I have been working on a project for my college where i have to create a program that can be used on a hand held computer for waiters. I have created another form where the user can enter a table number, however when the text box is empty after being inputted into an error occurs.

System.InvalidCastException 'Conversion from string "" to type 'double' is not valid'

Public Module GlobalVariables
    Public TableNumber As Integer
End Module

Public Class Form1


    Private Sub TableNumber_TableNumber_TextChanged(sender As Object, e As EventArgs) Handles TableNumber_TableNumber.TextChanged
        If TableNumber_TableNumber.Text > 25 Then
            TableNumber_Error.Visible = True
            If TableNumber_TableNumber.Text < 1 Then
                TableNumber_Error.Visible = True
            End If
        End If

    End Sub
End Class

This is my first time coding in visual basic, i am confused because i have not cast anything as a double.

  • What you need to do is set [`Option Strict On`](https://stackoverflow.com/a/29985039/1115360) and let Visual Studio show you the problems and suggest solutions. – Andrew Morton Feb 05 '20 at 12:22
  • Then decide what you want to happen when there is nothing in the `TableNumber_TableNumber` TextBox.

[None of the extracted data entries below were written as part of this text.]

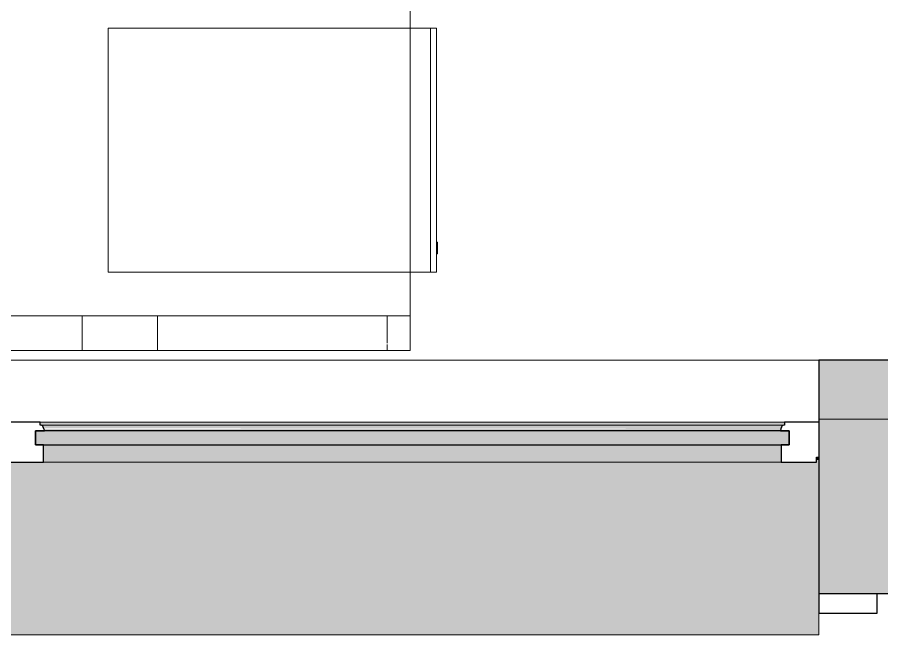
# Model space of a CAD drawing. Header units: millimetres. Extents: x 155927 to 317870, y -36033 to 97293.
# Drawn here: x 227563 to 229051, y 8897 to 9960 of the extents above; entities that cross this region are included whole.
import ezdxf

# ---------------------------------------------------------------- set-up
doc = ezdxf.new("R2010")
doc.units = ezdxf.units.MM
doc.header["$MEASUREMENT"] = 0
for name, color, linetype, lineweight in [('A-GLAZ', 7, 'CONTINUOUS', 9), ('A-WALL', 7, 'CONTINUOUS', 9), ('A-WALL-PATT', 7, 'CONTINUOUS', 9), ('I-FURN', 8, 'CONTINUOUS', 9), ('I-WALL', 7, 'CONTINUOUS', 9)]:
    doc.layers.add(name, color=color, linetype=linetype, lineweight=lineweight)

msp = doc.modelspace()

# ---------------------------------------------------------------- hatches: boundary and pattern name
at = {"layer": 'A-GLAZ'}
h = msp.add_hatch(color=256, dxfattribs=at)
h.paths.add_polyline_path([(227606.4, 9255.8), (227603.6, 9257.5), (227604.9, 9256.4), (227606, 9255.9)], flags=0)
h.paths.add_polyline_path([(224722.4, 9255.8), (224719.6, 9257.5), (224720.9, 9256.4), (224722, 9255.9)], flags=0)
for points in [[(228879.8, 9257.5), (228883.6, 9257.5), (228883.6, 9262.5), (227602, 9262.5), (227602, 9257.5), (228877.8, 9257.5)], [(228877.8, 9252.6), (228879.6, 9256.2), (228879.8, 9257.5), (227604.9, 9257), (227607.6, 9253.9), (227608.3, 9252.6), (228877.4, 9252.6)], [(228891.6, 9223.6), (228891.6, 9247.5), (227594.1, 9247.5), (227594.1, 9223.6), (228647.9, 9223.6)], [(228647.9, 9248.6), (228876.4, 9248.6), (228877.6, 9252.6), (227608, 9251.5), (227609.3, 9248.6), (228046.4, 9248.6)], [(228876.4, 9247.5), (228876.4, 9248.6), (228647.9, 9247.5)], [(228877.6, 9193.6), (228877.6, 9223.6), (227608, 9223.6), (227608, 9193.6), (228647.9, 9193.6)], [(228942.8, 8896.6), (228942.8, 9198.3), (228938.5, 9198.3), (228938.5, 9193.6), (227547.2, 9193.6), (227547.2, 9198.3), (227542.8, 9198.3), (227542.8, 9193.6), (226058.8, 9193.6), (226058.8, 9198.3), (226054.5, 9198.3), (226054.5, 9193.6), (224663.2, 9193.6), (224663.2, 9198.3), (224658.8, 9198.3), (224658.8, 8896.6), (228647.9, 8896.6)]]:
    msp.add_hatch(color=256, dxfattribs=at).paths.add_polyline_path(points, flags=0)
h = msp.add_hatch(color=256, dxfattribs=at)
h.paths.add_polyline_path([(228942.8, 9198.3), (228942.8, 9200.4), (228938.5, 9200.4), (228938.5, 9198.3)], flags=0)
h.paths.add_polyline_path([(227547.2, 9198.3), (227547.2, 9200.4), (227542.8, 9200.4), (227542.8, 9198.3)], flags=0)
h.paths.add_polyline_path([(226054.5, 9198.3), (226058.8, 9198.3), (226058.8, 9200.4), (226054.5, 9200.4)], flags=0)
h.paths.add_polyline_path([(224663.2, 9198.3), (224663.2, 9200.4), (224658.8, 9200.4), (224658.8, 9198.3)], flags=0)
at = {"layer": 'A-WALL-PATT'}
h = msp.add_hatch(color=256, dxfattribs=at)
h.paths.add_polyline_path([(230738.8, 9267.6), (230738.8, 9369.6), (228942.8, 9369.6), (228942.8, 9267.6), (229850.8, 9267.6)], flags=0)
h.paths.add_polyline_path([(224437.8, 9267.6), (224658.8, 9267.6), (224658.8, 9369.6), (221442.8, 9369.6), (221442.8, 9267.6), (223836.3, 9267.6)], flags=0)
h = msp.add_hatch(color=256, dxfattribs=at)
h.paths.add_polyline_path([(231130.8, 8967.6), (231130.8, 9267.6), (228942.8, 9267.6), (228942.8, 8967.6), (229850.8, 8967.6)], flags=0)
h.paths.add_polyline_path([(224437.8, 8967.6), (224658.8, 8967.6), (224658.8, 9267.6), (221442.8, 9267.6), (221442.8, 8967.6), (223836.3, 8967.6)], flags=0)
h.paths.add_polyline_path([(217158.8, 8967.6), (217158.8, 9267.6), (215617.8, 9267.6), (215617.8, 8967.6), (216619, 8967.6)], flags=0)
h.paths.add_polyline_path([(213983.8, 8967.6), (213983.8, 9267.6), (212817.8, 9267.6), (212817.8, 8967.6), (213010.3, 8967.6)], flags=0)
h.paths.add_polyline_path([(205793, 8967.6), (206283.8, 8967.6), (206283.8, 9267.6), (202692.8, 9267.6), (202692.8, 8967.6), (204590.1, 8967.6)], flags=0)
h.paths.add_polyline_path([(199778.5, 8967.6), (199908.8, 8967.6), (199908.8, 9267.6), (197042.8, 9267.6), (197042.8, 8967.6), (198575.7, 8967.6)], flags=0)

# ---------------------------------------------------------------- linework, layer by layer
at = {"layer": 'A-GLAZ', "lineweight": 30}
for p, q in [((227602, 9262.5), (227542.8, 9262.5)), ((227602, 9257.5), (227602, 9262.5)), ((227603.6, 9257.5), (227602, 9257.5)), ((228883.6, 9257.5), (228882.1, 9257.5)), ((228883.6, 9262.5), (228883.6, 9257.5)), ((228942.8, 9262.5), (228883.6, 9262.5)), ((227594.1, 9247.5), (227594.1, 9223.6)), ((228891.6, 9247.5), (227594.1, 9247.5)), ((227594.1, 9223.6), (227594.1, 9247.5)), ((227594.1, 9247.5), (227609.3, 9247.5)), ((227609.3, 9247.5), (227609.3, 9248.6)), ((228876.4, 9248.6), (228876.4, 9247.5)), ((228876.4, 9247.5), (228891.6, 9247.5)), ((228891.6, 9223.6), (228891.6, 9247.5)), ((228891.6, 9247.5), (228891.6, 9223.6)), ((227594.1, 9223.6), (228891.6, 9223.6)), ((227608, 9223.6), (227594.1, 9223.6)), ((227608, 9193.6), (227608, 9223.6)), ((228891.6, 9223.6), (228877.6, 9223.6)), ((228877.6, 9223.6), (228877.6, 9193.6)), ((228938.5, 9193.6), (228938.5, 9202.6)), ((228938.5, 9202.6), (228942.8, 9202.6)), ((227547.2, 9193.6), (227608, 9193.6)), ((228877.6, 9193.6), (228938.5, 9193.6)), ((228942.8, 8967.6), (228942.8, 8933.6)), ((229042.8, 8933.6), (229042.8, 8967.6)), ((228942.8, 8933.6), (229042.8, 8933.6))]:
    msp.add_line(p, q, dxfattribs=at)
at = {"layer": 'A-GLAZ'}
for p, q in [((228883.6, 9262.5), (227602, 9262.5)), ((227602, 9257.5), (227603.6, 9257.5)), ((227603.6, 9257.5), (228882.1, 9257.5)), ((228882.1, 9257.5), (228883.6, 9257.5)), ((227609.3, 9248.6), (228876.4, 9248.6)), ((228938.5, 9200.4), (228942.8, 9200.4)), ((228938.5, 9198.3), (228942.8, 9198.3)), ((227608, 9193.6), (228877.6, 9193.6)), ((228942.8, 8933.6), (228942.8, 8896.6)), ((224658.8, 8896.6), (228942.8, 8896.6))]:
    msp.add_line(p, q, dxfattribs=at)
at = {"layer": 'A-GLAZ', "lineweight": 30}
for centre, radius, start, end in [((227602.5, 9252.2), 5.36, 3.4261, 78.0476), ((228883.2, 9252.2), 5.36, 101.9524, 176.5739), ((227615.2, 9253), 7.4, 183.4261, 216.5739), ((228870.5, 9253), 7.4, 323.4261, 356.5739)]:
    msp.add_arc(centre, radius, start, end, dxfattribs=at)
at = {"layer": 'A-GLAZ'}
for points, knots in [([(227606, 9256.2), (227605.9, 9256.4), (227605.5, 9256.7), (227604.7, 9257.2), (227604, 9257.4), (227603.6, 9257.5)], [-0.4, -0.4, -0.4, -0.4, -0.3, -0.2, 0, 0, 0, 0]), ([(228882.1, 9257.5), (228881.6, 9257.4), (228881, 9257.2), (228880.2, 9256.7), (228879.8, 9256.4), (228879.6, 9256.2)], [0, 0, 0, 0, 0.2, 0.3, 0.4, 0.4, 0.4, 0.4]), ([(227607.8, 9252.6), (227607.8, 9253), (227607.7, 9253.7), (227607.3, 9254.6), (227607.1, 9255), (227607, 9255.2)], [-1, -1, -1, -1, -0.8, -0.7, -0.6, -0.6, -0.6, -0.6]), ([(228878.7, 9255.2), (228878.6, 9255), (228878.4, 9254.6), (228878, 9253.7), (228877.9, 9253), (228877.8, 9252.6)], [0.6, 0.6, 0.6, 0.6, 0.7, 0.8, 1, 1, 1, 1])]:
    msp.add_open_spline(points, degree=3, knots=knots, dxfattribs=at)
for points in [[(227609.3, 9248.6), (227609, 9249), (227608.7, 9249.4), (227608.5, 9249.8)], [(228877.1, 9249.8), (228876.9, 9249.4), (228876.7, 9249), (228876.4, 9248.6)]]:
    msp.add_open_spline(points, degree=3, dxfattribs=at)
at = {"layer": 'A-WALL'}
msp.add_line((230738.8, 9267.6), (228942.8, 9267.6), dxfattribs=at)
at = {"layer": 'A-WALL', "lineweight": 30}
for p, q in [((228942.8, 9267.6), (228942.8, 8967.6)), ((228942.8, 8967.6), (231130.8, 8967.6))]:
    msp.add_line(p, q, dxfattribs=at)
at = {"layer": 'I-FURN'}
for p, q in [((228239.3, 9386.1), (228239.3, 10986.1)), ((228239.3, 10986.1), (228239.3, 9386.1)), ((227719.1, 9941), (227719.1, 9521)), ((228239.3, 9941), (227719.1, 9941)), ((228274.1, 9941), (228239.3, 9941)), ((228284.1, 9941), (228274.1, 9941)), ((228274.1, 9941), (228274.1, 9521)), ((228274.1, 9521), (228274.1, 9941)), ((228284.1, 9521), (228284.1, 9941)), ((228286.1, 9572.6), (228284.1, 9572.6)), ((228286.1, 9572.6), (228286.1, 9552.6)), ((228286.1, 9552.6), (228286.1, 9572.6)), ((228284.1, 9552.6), (228286.1, 9552.6)), ((227719.1, 9521), (228239.3, 9521)), ((228239.3, 9521), (228274.1, 9521)), ((228274.1, 9521), (228284.1, 9521)), ((228199.3, 9446.1), (226843.8, 9446.1)), ((227204.3, 9446.1), (227674.3, 9446.1)), ((227674.3, 9446.1), (227804.3, 9446.1)), ((227674.3, 9446.1), (227674.3, 9386.1)), ((227674.3, 9446.1), (227674.3, 9386.1)), ((227804.3, 9446.1), (228239.3, 9446.1)), ((227804.3, 9446.1), (227804.3, 9386.1)), ((227804.3, 9446.1), (227804.3, 9386.1)), ((228239.3, 9446.1), (228199.3, 9446.1)), ((228199.3, 9446.1), (228199.3, 9399)), ((228199.3, 9446.1), (228199.3, 9399)), ((228239.3, 9386.1), (228239.3, 9446.1)), ((228239.3, 9446.1), (228239.3, 9386.1)), ((228199.3, 9396.7), (228199.3, 9386.1)), ((228199.3, 9396.7), (228199.3, 9386.1)), ((226679.3, 9386.1), (228199.3, 9386.1)), ((227674.3, 9386.1), (227204.3, 9386.1)), ((227439.3, 9386.1), (228239.3, 9386.1)), ((228239.3, 9386.1), (227439.3, 9386.1)), ((227804.3, 9386.1), (227674.3, 9386.1)), ((228239.3, 9386.1), (227804.3, 9386.1)), ((228199.3, 9386.1), (228239.3, 9386.1))]:
    msp.add_line(p, q, dxfattribs=at)
at = {"layer": 'I-WALL'}
for p, q in [((227542.8, 9369.6), (228942.8, 9369.6)), ((228942.8, 9267.6), (230738.8, 9267.6))]:
    msp.add_line(p, q, dxfattribs=at)
at = {"layer": 'I-WALL', "lineweight": 30}
for p, q in [((230738.8, 9369.6), (228942.8, 9369.6)), ((228942.8, 9369.6), (228942.8, 9267.6))]:
    msp.add_line(p, q, dxfattribs=at)

doc.saveas('drawing.dxf')
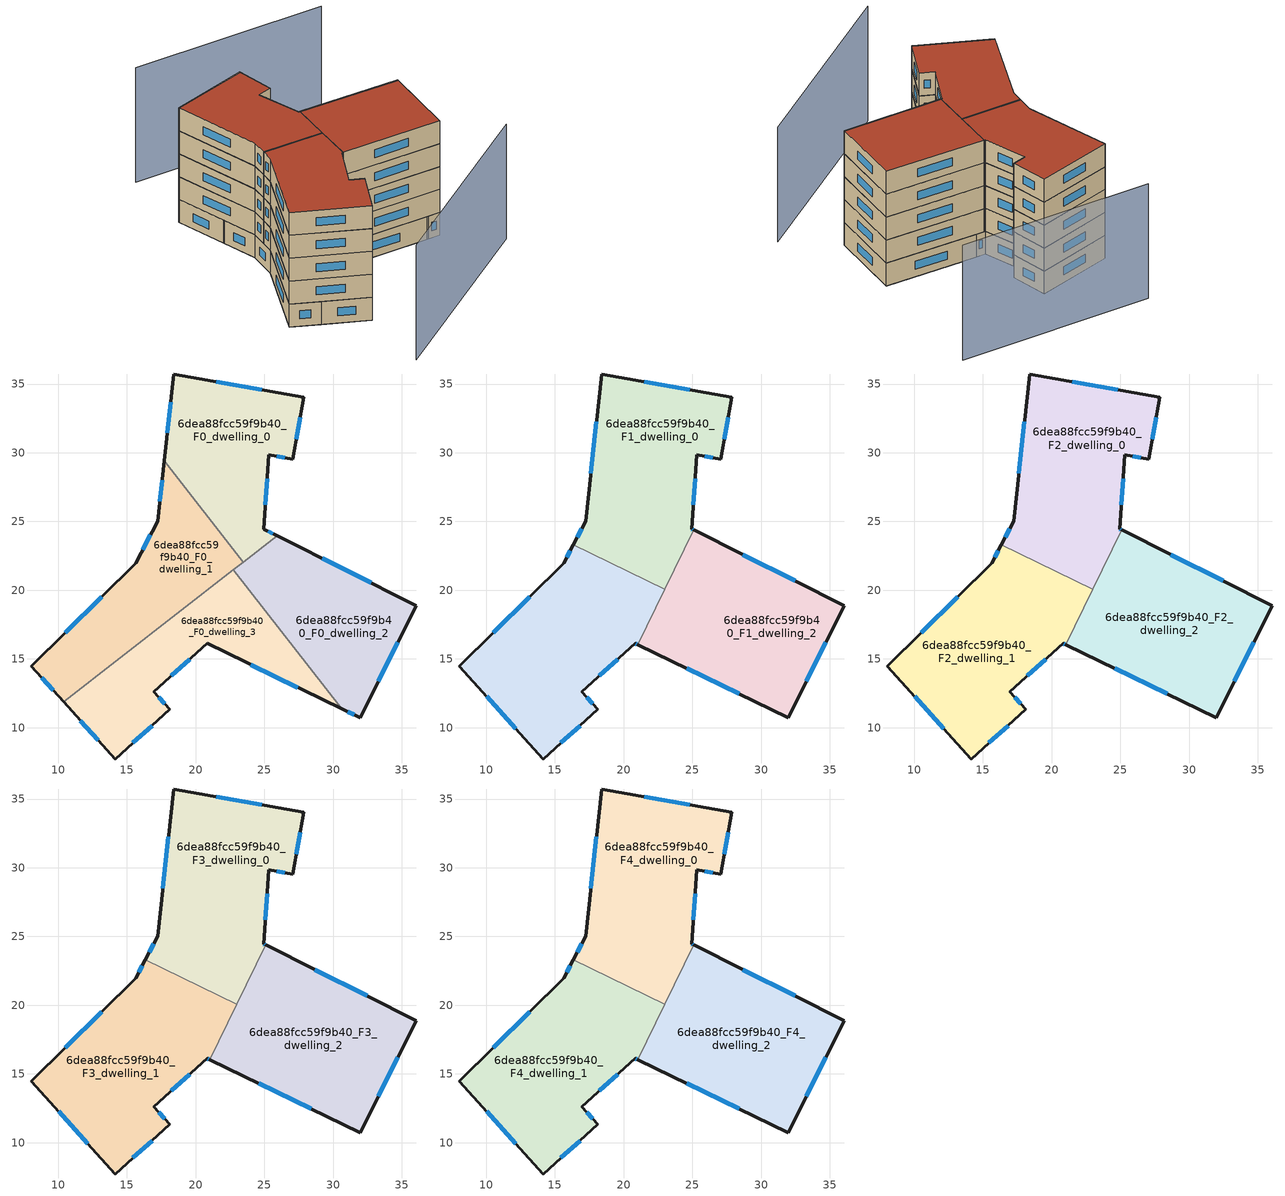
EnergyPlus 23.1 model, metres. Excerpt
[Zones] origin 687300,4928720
6dea88fcc59f9b40_F0_dwelling_0
 floor ground (EU_floor_Construction): 25.93,23.96 24.96,24.45 25.32,29.85 27.07,29.53 27.88,34.03 18.4,35.73 17.71,29.42 23.46,22.04 z0
 wall outside (EU_wall_Construction): 17.71,29.42 18.4,35.73 27.88,34.03 27.07,29.53 25.32,29.85 24.96,24.45 25.93,23.96 z0:3
 wall to 6dea88fcc59f9b40_F0_dwelling_1 (EU_wall_Construction): 23.46,22.04 17.71,29.42 z0:3
 wall to 6dea88fcc59f9b40_F0_dwelling_2 (EU_wall_Construction): 25.93,23.96 23.46,22.04 z0:3
 window (EU_Window_Construction): 27.62,32.57 27.33,30.99 / 26.5,29.63 25.89,29.74 / 25.2,28.09 25.08,26.21 / 25.28,24.29 25.61,24.12 / 17.94,31.47 18.18,33.68 / 21.48,35.18 24.8,34.58 z0.98:2.02
6dea88fcc59f9b40_F0_dwelling_1
 floor ground (EU_floor_Construction): 23.46,22.04 17.71,29.42 17.23,25.03 15.63,21.96 8.04,14.48 10.4,11.87 z0
 wall outside (EU_wall_Construction): 10.4,11.87 8.04,14.48 15.63,21.96 17.23,25.03 17.71,29.42 z0:3
 wall to 6dea88fcc59f9b40_F0_dwelling_3 (EU_wall_Construction): 22.75,21.49 10.4,11.87 z0:3
 wall to 6dea88fcc59f9b40_F0_dwelling_2 (EU_wall_Construction): 23.46,22.04 22.75,21.49 z0:3
 window (EU_Window_Construction): 17.39,26.46 17.55,27.99 / 9.63,12.72 8.81,13.63 / 10.51,16.91 13.16,19.53 / 16.15,22.96 16.71,24.03 z0.98:2.02
6dea88fcc59f9b40_F0_dwelling_2
 floor ground (EU_floor_Construction): 31.96,10.72 36.05,18.88 25.93,23.96 22.75,21.49 30.63,11.37 z0
 wall outside (EU_wall_Construction): 25.93,23.96 36.05,18.88 31.96,10.72 30.63,11.37 z0:3
 wall to 6dea88fcc59f9b40_F0_dwelling_3 (EU_wall_Construction): 30.63,11.37 22.75,21.49 z0:3
 window (EU_Window_Construction): 34.72,16.23 33.29,13.37 / 31.53,10.93 31.06,11.15 / 29.22,22.31 32.76,20.53 z0.98:2.02
6dea88fcc59f9b40_F0_dwelling_3
 floor ground (EU_floor_Construction): 30.63,11.37 22.75,21.49 10.4,11.87 14.14,7.72 18.13,11.33 16.95,12.63 20.83,16.13 z0
 wall outside (EU_wall_Construction): 30.63,11.37 20.83,16.13 16.95,12.63 18.13,11.33 14.14,7.72 10.4,11.87 z0:3
 window (EU_Window_Construction): 27.44,12.91 24.02,14.58 / 19.57,14.99 18.21,13.77 / 17.33,12.21 17.75,11.75 / 16.83,10.16 15.44,8.89 / 12.92,9.07 11.62,10.52 z0.98:2.02
6dea88fcc59f9b40_F1_dwelling_0
 floor to 6dea88fcc59f9b40_F0_dwelling_0 (EU_floor_Construction): 25.08,24.39 24.96,24.45 25.32,29.85 27.07,29.53 27.88,34.03 18.4,35.73 17.71,29.42 23.46,22.04 24.23,22.64 z3
 floor to 6dea88fcc59f9b40_F0_dwelling_1 (EU_floor_Construction): 23.46,22.04 17.71,29.42 17.23,25.03 16.33,23.31 21.72,20.68 z3
 floor to 6dea88fcc59f9b40_F0_dwelling_3 (EU_floor_Construction): 22.98,20.07 23.32,20.76 22.75,21.49 21.72,20.68 z3
 floor to 6dea88fcc59f9b40_F0_dwelling_2 (EU_floor_Construction): 23.32,20.76 24.23,22.64 22.75,21.49 z3
 wall outside (EU_wall_Construction): 16.33,23.31 17.23,25.03 18.4,35.73 27.88,34.03 27.07,29.53 25.32,29.85 24.96,24.45 25.08,24.39 z3:6
 wall to 6dea88fcc59f9b40_F1_dwelling_1 (EU_wall_Construction): 22.98,20.07 16.33,23.31 z3:6
 wall to 6dea88fcc59f9b40_F1_dwelling_2 (EU_wall_Construction): 25.08,24.39 22.98,20.07 z3:6
 window (EU_Window_Construction): 21.48,35.18 24.8,34.58 / 27.62,32.57 27.33,30.99 / 26.5,29.63 25.89,29.74 / 25.2,28.09 25.08,26.21 / 25,24.43 25.04,24.41 / 16.63,23.87 16.94,24.47 / 17.61,28.51 18.02,32.25 z3.98:5.02
6dea88fcc59f9b40_F1_dwelling_1
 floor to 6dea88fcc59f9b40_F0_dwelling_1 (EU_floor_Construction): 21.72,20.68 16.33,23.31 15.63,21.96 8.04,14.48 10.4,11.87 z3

You could use [Int32.TryParse](https://learn.microsoft.com/en-us/dotnet/api/system.int32.tryparse) to check if what has been entered could actually be a number, and not something like "Yes". – Andrew Morton Feb 05 '20 at 12:26
  • I have Option Strict on, it did not suggest anything when i was designing the code. –  Feb 05 '20 at 12:26
  • 1
    If Option Strict was On, it would have shown that there is something wrong with the line `If TableNumber_TableNumber.Text > 25 Then`. To make extra sure, you can type `Option Strict On` as the first line before all the code. – Andrew Morton Feb 05 '20 at 12:28
  • Of course you **don't** have Option Strict On. `TableNumber_TableNumber.Text > 25` compares a string to a numeric value, you cannot do that with Option Strict On. Also, when you handle the `TextChanged` event, you check if the Text property returns an empty/null string (e.g., `if string.IsNullOrEmpty(TableNumber_TableNumber.Text) then return` or `IsNullOrWhitespace` etc. as a minimal validation) – Jimi Feb 05 '20 at 12:35
  • The logic seems off, as well. If it passes the first check of ````> 25```` then it's impossible to then pass the check of ````< 1````. It sounds like you wanted to use an ````If ElseIf```` -- https://learn.microsoft.com/en-us/dotnet/visual-basic/language-reference/statements/if-then-else-statement – JohnPete22 Feb 05 '20 at 12:57

1 Answers1

0

I wrote a similar Sub based on the logic you are executing. I added some notes next to the code that might help.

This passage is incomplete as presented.